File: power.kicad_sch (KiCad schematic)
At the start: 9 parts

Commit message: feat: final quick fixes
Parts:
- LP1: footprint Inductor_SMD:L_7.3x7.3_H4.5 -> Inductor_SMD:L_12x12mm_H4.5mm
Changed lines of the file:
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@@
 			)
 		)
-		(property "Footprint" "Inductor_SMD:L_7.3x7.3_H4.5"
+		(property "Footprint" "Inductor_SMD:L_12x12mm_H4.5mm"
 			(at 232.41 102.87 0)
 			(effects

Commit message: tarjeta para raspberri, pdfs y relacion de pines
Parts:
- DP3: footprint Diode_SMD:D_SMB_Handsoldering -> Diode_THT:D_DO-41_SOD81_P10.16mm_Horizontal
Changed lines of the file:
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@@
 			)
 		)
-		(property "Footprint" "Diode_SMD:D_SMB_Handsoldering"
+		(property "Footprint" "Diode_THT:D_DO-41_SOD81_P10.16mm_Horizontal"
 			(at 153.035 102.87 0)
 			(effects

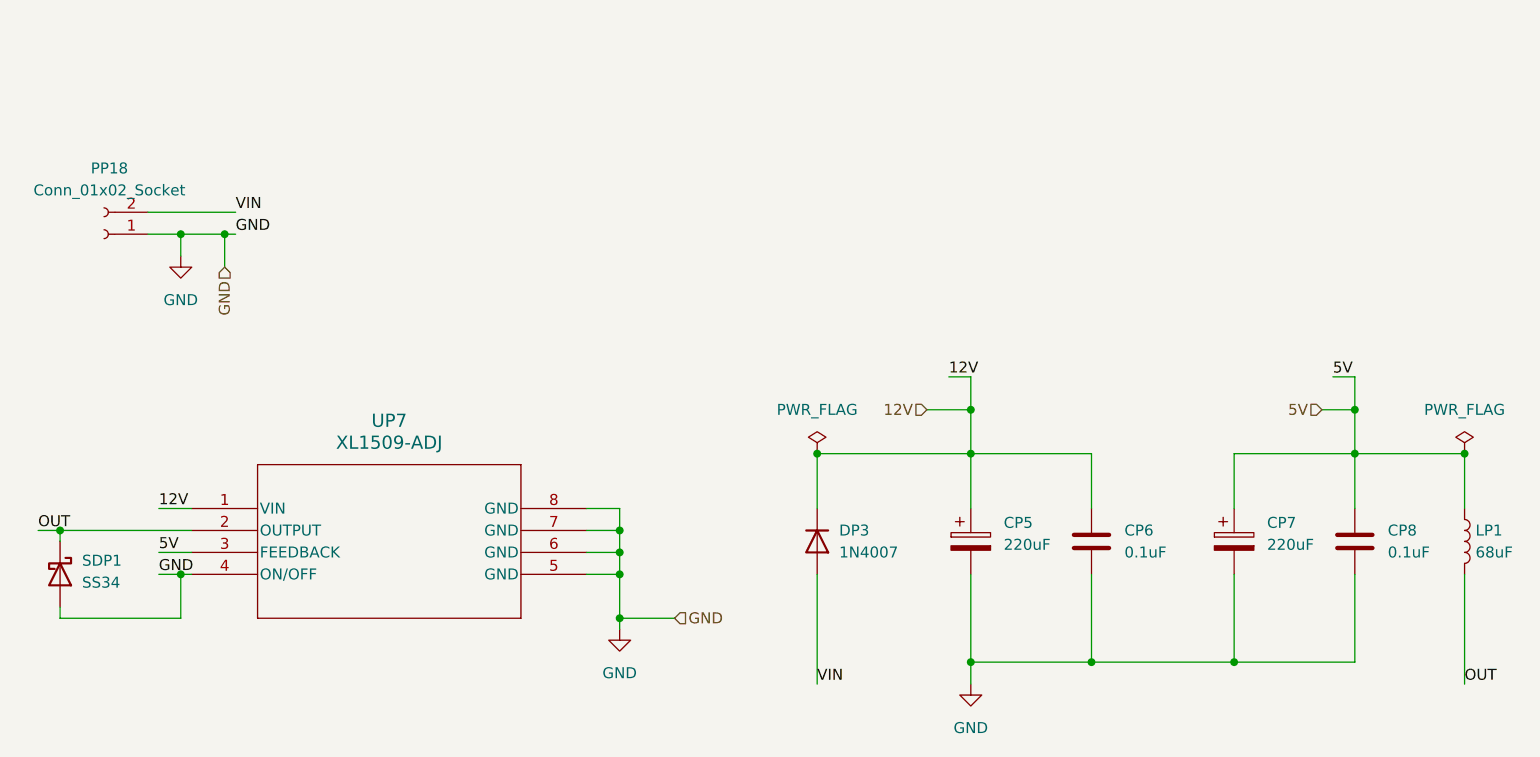
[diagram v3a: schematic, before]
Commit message: en proceso de hacer el diseño, coloque el modulo de adc a i2c por que es mas barato que comprar las piezas
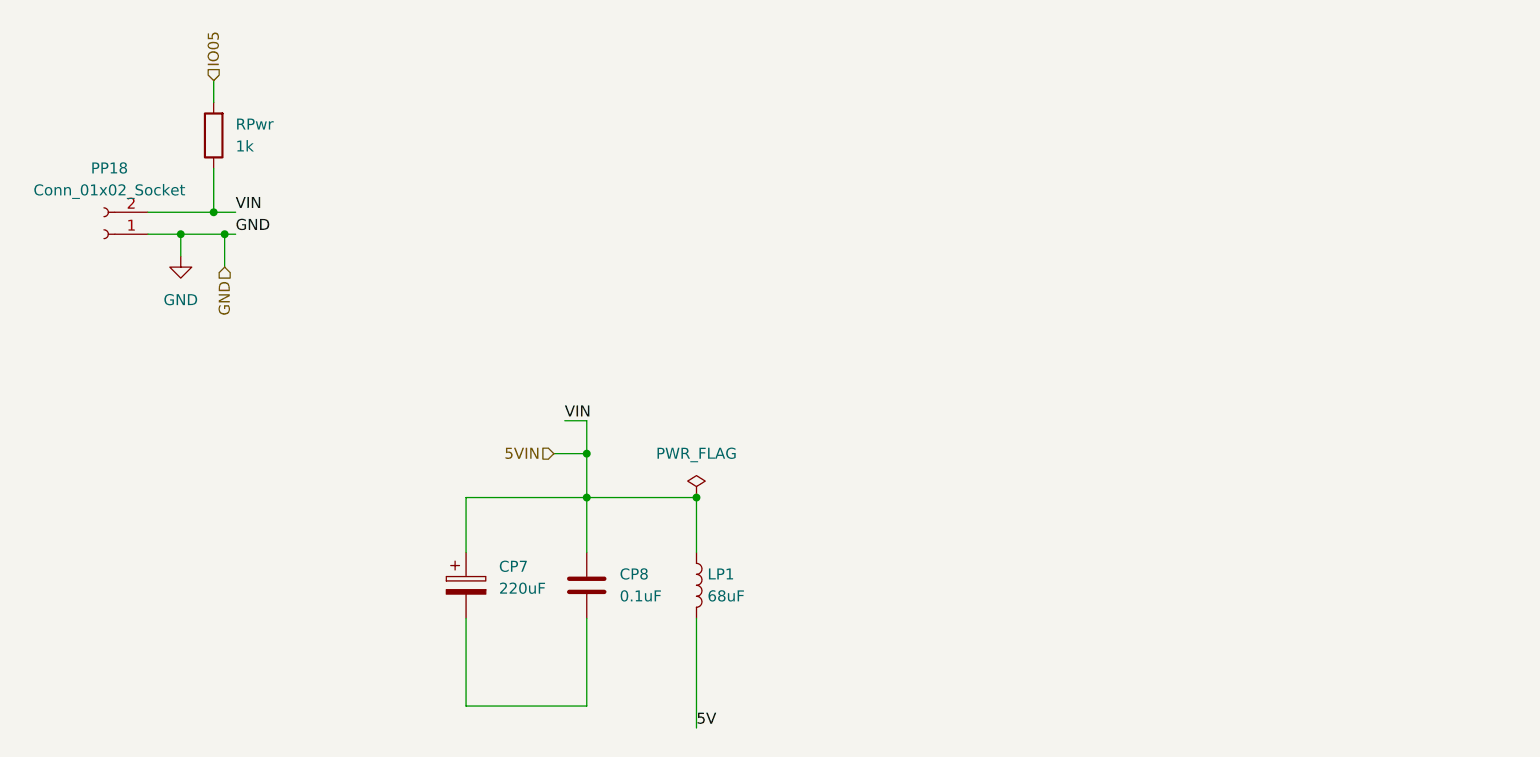
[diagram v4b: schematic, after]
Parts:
- removed CP5: 220uF, Capacitor_THT:CP_Radial_D8.0mm_P3.50mm, symbol Device:C_Polarized
- removed CP6: 0.1uF, Capacitor_SMD:C_1206_3216Metric, symbol Device:C
- removed DP3: 1N4007, Diode_THT:D_DO-41_SOD81_P10.16mm_Horizontal, symbol Diode:1N4007
- removed SDP1: SS34, Diode_SMD:D_SMA, symbol Diode:SS34
- removed UP7: XL1509-ADJ, SOIC-8_YTS, symbol Xl_1509_5.0:XL1509-ADJ
- added RPwr: 1k, Resistor_SMD:R_1206_3216Metric_Pad1.30x1.75mm_HandSolder, symbol Device:R
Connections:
- net OUT is gone; now on net 5V: LP1.2
- net 5V: no longer CP7.1, CP8.1, LP1.1
- net GND: no longer CP7.2, CP8.2
- net VIN renamed 5VIN
- net 5VIN: now also CP7.1, CP8.1, LP1.1, RPwr.1
- new net: CP7.2, CP8.2
- new net IO05: RPwr.2
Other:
- moved on the sheet: CP7, CP8, LP1
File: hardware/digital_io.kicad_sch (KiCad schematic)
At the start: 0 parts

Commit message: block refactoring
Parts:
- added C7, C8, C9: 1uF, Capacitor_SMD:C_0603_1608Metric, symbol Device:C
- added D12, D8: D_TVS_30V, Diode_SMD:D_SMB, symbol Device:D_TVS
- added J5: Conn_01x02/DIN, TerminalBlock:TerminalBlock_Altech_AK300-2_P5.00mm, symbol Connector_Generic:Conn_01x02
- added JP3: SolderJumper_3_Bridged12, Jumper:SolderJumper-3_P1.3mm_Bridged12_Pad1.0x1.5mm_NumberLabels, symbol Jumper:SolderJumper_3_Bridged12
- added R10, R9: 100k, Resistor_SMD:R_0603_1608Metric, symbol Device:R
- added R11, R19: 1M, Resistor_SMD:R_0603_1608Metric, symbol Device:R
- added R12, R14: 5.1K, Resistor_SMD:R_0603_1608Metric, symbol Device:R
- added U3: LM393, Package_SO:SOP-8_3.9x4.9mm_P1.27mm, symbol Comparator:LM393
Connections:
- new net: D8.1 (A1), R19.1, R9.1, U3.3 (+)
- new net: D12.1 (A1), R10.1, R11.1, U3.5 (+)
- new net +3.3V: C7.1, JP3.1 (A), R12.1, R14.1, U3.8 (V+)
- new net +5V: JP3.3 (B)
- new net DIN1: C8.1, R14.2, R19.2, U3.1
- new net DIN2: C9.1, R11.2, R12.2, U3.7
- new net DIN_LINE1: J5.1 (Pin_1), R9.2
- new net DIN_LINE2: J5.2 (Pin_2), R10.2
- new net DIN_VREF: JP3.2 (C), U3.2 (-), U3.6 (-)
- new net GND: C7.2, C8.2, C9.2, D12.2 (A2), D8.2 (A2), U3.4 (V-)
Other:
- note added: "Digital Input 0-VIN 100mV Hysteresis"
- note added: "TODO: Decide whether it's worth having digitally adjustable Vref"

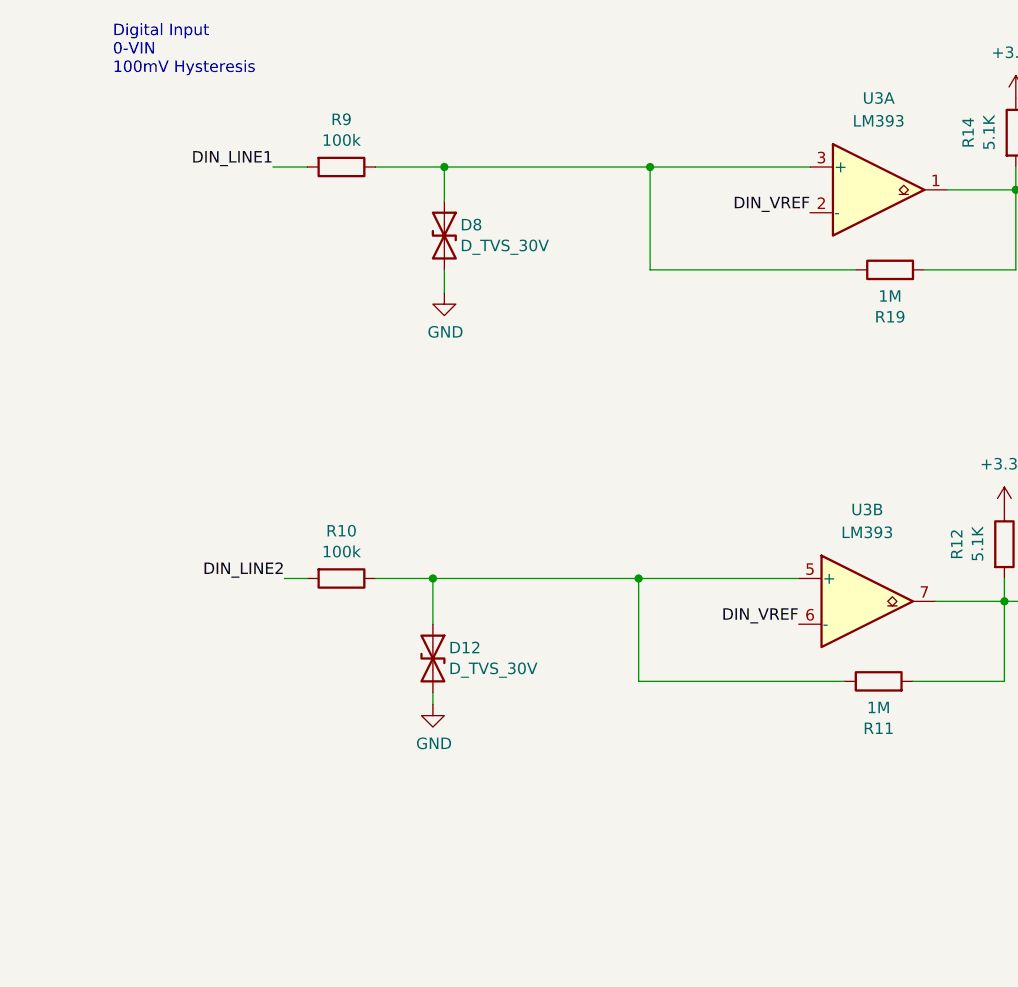
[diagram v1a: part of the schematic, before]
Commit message: moving subsheets to blocks
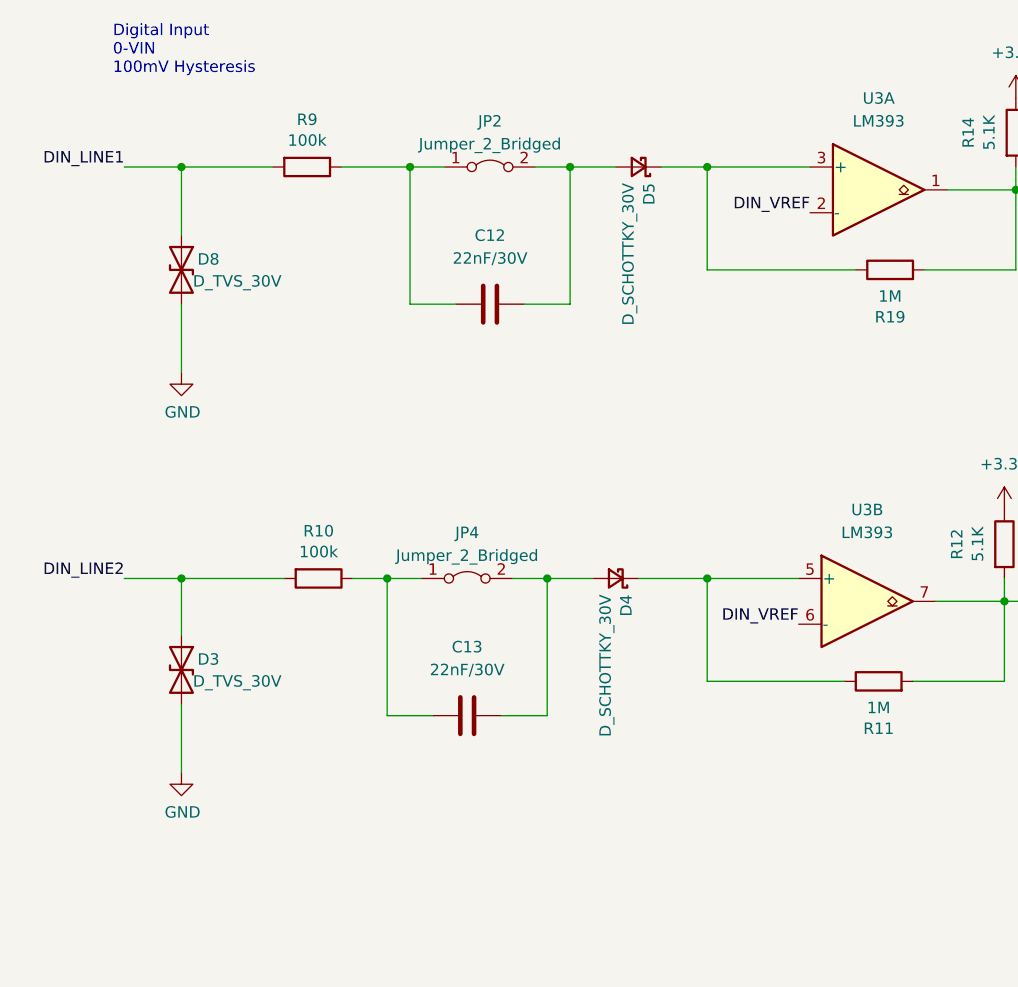
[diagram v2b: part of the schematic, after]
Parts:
- removed D12: D_TVS_30V, Diode_SMD:D_SMB, symbol Device:D_TVS
- added C12, C13: 22nF/30V, Capacitor_SMD:C_0603_1608Metric, symbol Device:C
- added D3: D_TVS_30V, Diode_SMD:D_SMB, symbol Device:D_TVS
- added D4, D5: D_SCHOTTKY_30V, Diode_SMD:D_SOD-123, symbol Device:D_Schottky_Small
- added JP2, JP4: Jumper_2_Bridged, Connector_PinHeader_1.00mm:PinHeader_1x02_P1.00mm_Vertical, symbol Jumper:Jumper_2_Bridged
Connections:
- net DIN_LINE1: now also D8.1 (A1)
- net DIN_LINE2: now also D3.1 (A1)
- net GND: now also D3.2 (A2)
- net at R19.1, U3.3 (+): now also D5.1 (K); no longer D8.1 (A1), R9.1
- net at R11.1, U3.5 (+): now also D4.1 (K); no longer R10.1
- new net: C13.2, JP4.1 (A), R10.1
- new net: C13.1, D4.2 (A), JP4.2 (B)
- new net: C12.2, JP2.1 (A), R9.1
- new net: C12.1, D5.2 (A), JP2.2 (B)
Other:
- moved on the sheet: D8, R10, R9

####

Prompt: Your task is to reproduce exactly the lines from the one with "- new net: C12.1, D5.2 (A), JP2.2 (B)" through the end of the listing. Both ends belong in the answer.

Output of the task:
- new net: C12.1, D5.2 (A), JP2.2 (B)
Other:
- moved on the sheet: D8, R10, R9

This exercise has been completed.